━━━ SUPPLIED INFORMATION ━━━

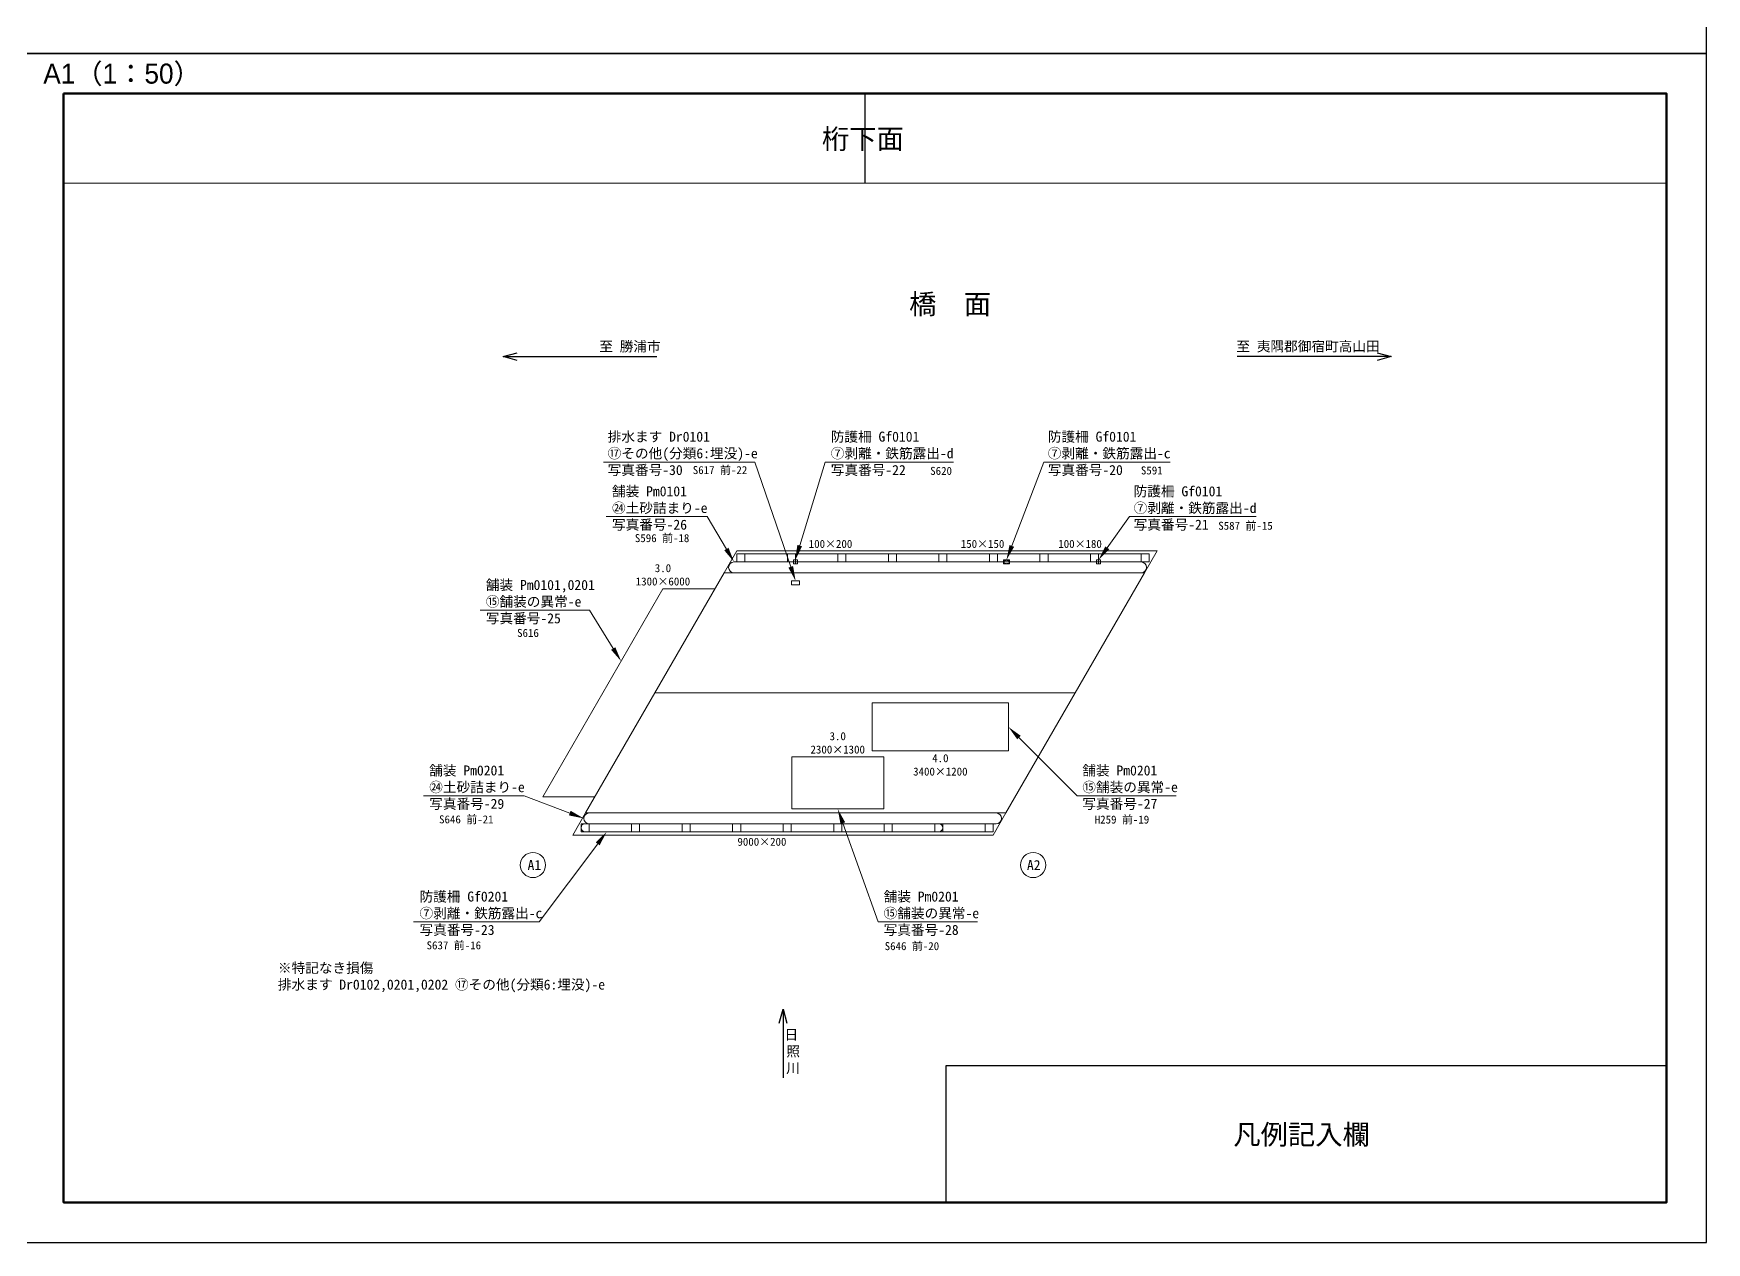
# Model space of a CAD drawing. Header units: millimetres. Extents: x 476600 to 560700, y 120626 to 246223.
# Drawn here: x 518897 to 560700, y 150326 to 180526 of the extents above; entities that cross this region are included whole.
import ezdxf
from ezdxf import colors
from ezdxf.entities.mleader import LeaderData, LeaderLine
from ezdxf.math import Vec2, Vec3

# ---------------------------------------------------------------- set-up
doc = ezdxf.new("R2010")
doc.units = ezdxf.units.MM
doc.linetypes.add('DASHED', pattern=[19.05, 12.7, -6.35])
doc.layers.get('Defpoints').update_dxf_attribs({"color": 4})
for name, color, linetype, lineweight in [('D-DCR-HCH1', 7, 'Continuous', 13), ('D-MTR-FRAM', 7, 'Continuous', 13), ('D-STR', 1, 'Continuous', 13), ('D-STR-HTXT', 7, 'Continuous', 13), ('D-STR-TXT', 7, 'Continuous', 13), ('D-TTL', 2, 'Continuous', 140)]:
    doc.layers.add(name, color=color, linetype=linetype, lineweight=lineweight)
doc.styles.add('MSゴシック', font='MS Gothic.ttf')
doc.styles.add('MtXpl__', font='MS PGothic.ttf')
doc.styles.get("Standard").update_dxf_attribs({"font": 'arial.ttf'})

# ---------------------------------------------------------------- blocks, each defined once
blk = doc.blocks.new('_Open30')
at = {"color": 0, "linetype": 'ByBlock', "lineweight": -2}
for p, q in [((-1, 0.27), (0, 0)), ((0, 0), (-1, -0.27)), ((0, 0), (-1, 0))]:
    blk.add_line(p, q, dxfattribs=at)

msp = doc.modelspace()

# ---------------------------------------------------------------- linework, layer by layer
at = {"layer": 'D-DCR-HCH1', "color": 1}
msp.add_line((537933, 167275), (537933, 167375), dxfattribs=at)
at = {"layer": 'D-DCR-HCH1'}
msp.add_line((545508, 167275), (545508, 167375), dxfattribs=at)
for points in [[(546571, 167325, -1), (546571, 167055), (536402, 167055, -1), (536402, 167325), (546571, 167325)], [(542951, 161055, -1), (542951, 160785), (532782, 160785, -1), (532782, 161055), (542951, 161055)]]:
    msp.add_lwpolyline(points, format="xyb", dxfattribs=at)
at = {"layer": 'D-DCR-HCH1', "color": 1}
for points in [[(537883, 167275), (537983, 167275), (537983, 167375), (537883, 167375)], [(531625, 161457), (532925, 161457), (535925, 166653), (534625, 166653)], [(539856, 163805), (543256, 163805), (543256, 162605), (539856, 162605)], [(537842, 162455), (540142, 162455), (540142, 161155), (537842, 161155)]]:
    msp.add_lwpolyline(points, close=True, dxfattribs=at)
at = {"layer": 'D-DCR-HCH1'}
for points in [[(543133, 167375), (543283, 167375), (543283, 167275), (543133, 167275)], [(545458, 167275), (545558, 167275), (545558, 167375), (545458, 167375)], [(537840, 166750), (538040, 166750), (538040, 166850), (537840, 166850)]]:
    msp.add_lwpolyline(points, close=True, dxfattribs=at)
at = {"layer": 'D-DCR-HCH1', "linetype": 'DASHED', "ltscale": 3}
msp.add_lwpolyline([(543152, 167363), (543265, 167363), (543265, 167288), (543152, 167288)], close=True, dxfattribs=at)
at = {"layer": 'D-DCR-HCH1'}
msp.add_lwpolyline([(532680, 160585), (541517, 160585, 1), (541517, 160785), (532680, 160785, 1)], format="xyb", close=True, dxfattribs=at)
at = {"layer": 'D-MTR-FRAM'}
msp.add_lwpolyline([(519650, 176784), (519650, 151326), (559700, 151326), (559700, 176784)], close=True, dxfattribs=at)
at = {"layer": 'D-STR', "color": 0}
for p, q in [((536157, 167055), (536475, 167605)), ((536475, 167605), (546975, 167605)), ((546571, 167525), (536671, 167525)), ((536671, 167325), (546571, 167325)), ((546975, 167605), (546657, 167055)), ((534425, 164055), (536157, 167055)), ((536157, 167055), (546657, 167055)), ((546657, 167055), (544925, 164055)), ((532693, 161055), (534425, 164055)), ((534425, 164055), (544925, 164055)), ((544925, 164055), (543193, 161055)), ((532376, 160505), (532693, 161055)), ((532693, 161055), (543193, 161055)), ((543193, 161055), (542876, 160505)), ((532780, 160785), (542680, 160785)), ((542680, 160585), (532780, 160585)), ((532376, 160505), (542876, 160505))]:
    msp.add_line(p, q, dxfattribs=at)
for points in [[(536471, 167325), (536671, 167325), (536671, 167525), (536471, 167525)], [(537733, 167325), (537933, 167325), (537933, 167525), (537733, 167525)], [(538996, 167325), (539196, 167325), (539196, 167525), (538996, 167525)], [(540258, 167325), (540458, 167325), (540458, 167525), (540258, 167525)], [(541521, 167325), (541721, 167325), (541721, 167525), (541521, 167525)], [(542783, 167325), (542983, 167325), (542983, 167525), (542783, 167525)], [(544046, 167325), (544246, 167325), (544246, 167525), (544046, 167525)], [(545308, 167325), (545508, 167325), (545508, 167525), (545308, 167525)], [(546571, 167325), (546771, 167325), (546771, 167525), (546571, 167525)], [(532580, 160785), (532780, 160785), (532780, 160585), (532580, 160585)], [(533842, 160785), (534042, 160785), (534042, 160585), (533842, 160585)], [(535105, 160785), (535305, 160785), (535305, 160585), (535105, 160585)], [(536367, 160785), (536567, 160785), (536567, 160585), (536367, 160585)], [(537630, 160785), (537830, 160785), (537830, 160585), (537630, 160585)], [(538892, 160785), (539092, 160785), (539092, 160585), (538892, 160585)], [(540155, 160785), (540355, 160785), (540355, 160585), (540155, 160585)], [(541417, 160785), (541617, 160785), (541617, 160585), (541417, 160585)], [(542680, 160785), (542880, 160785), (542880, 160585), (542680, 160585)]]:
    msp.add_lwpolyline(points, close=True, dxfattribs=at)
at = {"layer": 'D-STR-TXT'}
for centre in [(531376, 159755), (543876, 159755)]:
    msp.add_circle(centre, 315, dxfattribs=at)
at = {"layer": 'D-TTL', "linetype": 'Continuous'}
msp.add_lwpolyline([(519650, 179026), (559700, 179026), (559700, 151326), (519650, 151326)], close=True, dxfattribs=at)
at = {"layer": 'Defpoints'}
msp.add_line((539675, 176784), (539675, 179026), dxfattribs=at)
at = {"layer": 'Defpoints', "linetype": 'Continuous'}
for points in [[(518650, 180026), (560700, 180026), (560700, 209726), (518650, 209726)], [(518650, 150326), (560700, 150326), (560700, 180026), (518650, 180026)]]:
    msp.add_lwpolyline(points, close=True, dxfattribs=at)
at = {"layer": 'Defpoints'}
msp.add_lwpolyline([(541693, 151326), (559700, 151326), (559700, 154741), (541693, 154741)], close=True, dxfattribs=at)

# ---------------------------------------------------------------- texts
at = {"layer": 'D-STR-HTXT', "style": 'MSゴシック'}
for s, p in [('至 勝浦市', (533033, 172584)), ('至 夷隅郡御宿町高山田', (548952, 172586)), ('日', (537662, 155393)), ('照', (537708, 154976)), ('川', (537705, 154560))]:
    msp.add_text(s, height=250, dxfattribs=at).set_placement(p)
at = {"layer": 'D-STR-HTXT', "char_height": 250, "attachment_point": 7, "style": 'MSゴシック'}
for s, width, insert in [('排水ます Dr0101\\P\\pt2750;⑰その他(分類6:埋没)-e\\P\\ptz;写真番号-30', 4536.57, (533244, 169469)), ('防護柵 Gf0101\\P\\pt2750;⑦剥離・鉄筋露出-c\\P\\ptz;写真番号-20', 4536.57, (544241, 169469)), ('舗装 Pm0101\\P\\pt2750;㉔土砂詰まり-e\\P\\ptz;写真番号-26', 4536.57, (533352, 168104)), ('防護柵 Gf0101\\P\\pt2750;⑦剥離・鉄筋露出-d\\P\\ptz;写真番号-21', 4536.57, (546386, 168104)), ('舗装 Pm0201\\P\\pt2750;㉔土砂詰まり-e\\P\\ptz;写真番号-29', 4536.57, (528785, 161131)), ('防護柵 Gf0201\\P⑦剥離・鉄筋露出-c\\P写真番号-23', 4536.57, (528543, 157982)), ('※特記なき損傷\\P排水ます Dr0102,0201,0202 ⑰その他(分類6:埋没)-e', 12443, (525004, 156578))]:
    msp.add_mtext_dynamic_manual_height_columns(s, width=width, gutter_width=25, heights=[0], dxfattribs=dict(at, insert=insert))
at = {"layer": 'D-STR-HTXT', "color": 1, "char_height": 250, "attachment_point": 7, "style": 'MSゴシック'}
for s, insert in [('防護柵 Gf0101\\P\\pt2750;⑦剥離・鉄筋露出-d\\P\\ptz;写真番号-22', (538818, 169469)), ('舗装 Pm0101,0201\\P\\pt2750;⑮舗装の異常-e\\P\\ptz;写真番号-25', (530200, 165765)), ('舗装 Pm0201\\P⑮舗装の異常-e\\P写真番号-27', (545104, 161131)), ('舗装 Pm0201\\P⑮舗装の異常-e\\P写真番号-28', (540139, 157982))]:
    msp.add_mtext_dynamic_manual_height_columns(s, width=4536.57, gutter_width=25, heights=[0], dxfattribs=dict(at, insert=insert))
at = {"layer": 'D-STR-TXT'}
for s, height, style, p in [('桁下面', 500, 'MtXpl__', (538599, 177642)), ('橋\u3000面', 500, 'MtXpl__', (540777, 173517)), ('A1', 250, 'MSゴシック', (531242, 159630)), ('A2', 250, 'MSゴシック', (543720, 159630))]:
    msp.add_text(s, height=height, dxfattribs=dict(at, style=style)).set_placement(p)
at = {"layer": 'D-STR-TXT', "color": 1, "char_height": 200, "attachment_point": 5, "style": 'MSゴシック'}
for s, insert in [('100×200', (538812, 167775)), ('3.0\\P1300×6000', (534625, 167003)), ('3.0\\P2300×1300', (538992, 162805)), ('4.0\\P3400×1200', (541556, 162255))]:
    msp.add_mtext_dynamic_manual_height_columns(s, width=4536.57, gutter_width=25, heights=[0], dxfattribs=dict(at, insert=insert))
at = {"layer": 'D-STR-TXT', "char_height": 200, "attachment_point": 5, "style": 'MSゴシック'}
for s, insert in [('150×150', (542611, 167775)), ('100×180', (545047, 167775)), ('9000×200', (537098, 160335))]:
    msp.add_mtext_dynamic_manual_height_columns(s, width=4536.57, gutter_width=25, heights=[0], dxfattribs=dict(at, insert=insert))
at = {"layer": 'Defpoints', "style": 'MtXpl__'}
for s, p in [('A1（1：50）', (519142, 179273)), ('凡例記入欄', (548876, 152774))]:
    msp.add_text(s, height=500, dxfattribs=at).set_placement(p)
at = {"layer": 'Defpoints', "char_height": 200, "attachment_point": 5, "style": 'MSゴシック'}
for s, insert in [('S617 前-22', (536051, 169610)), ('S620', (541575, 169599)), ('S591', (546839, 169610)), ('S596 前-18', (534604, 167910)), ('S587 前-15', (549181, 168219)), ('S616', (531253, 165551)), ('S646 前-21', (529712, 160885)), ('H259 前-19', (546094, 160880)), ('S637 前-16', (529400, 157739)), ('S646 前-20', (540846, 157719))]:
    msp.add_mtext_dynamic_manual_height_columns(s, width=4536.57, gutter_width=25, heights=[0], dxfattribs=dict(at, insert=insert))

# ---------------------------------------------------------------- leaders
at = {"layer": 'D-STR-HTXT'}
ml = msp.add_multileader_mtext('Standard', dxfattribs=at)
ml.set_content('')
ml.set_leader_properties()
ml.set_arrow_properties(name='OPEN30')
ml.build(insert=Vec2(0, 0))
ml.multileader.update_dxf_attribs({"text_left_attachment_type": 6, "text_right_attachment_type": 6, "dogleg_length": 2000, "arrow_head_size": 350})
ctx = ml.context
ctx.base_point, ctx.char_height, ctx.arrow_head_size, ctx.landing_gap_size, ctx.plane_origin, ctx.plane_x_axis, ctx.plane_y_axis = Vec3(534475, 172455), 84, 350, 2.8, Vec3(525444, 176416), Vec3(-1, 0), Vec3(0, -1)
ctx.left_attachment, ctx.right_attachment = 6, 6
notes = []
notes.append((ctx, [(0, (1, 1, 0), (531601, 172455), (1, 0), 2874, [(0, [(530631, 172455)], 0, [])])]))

━━━

### WHAT THIS TASK INVOLVES
Scan the lines above, and whenever one holds the string "Defpoints", copy it.

### ANSWER SECTION
doc.layers.get('Defpoints').update_dxf_attribs({"color": 4})
at = {"layer": 'Defpoints'}
at = {"layer": 'Defpoints', "linetype": 'Continuous'}
at = {"layer": 'Defpoints'}
at = {"layer": 'Defpoints', "style": 'MtXpl__'}
at = {"layer": 'Defpoints', "char_height": 200, "attachment_point": 5, "style": 'MSゴシック'}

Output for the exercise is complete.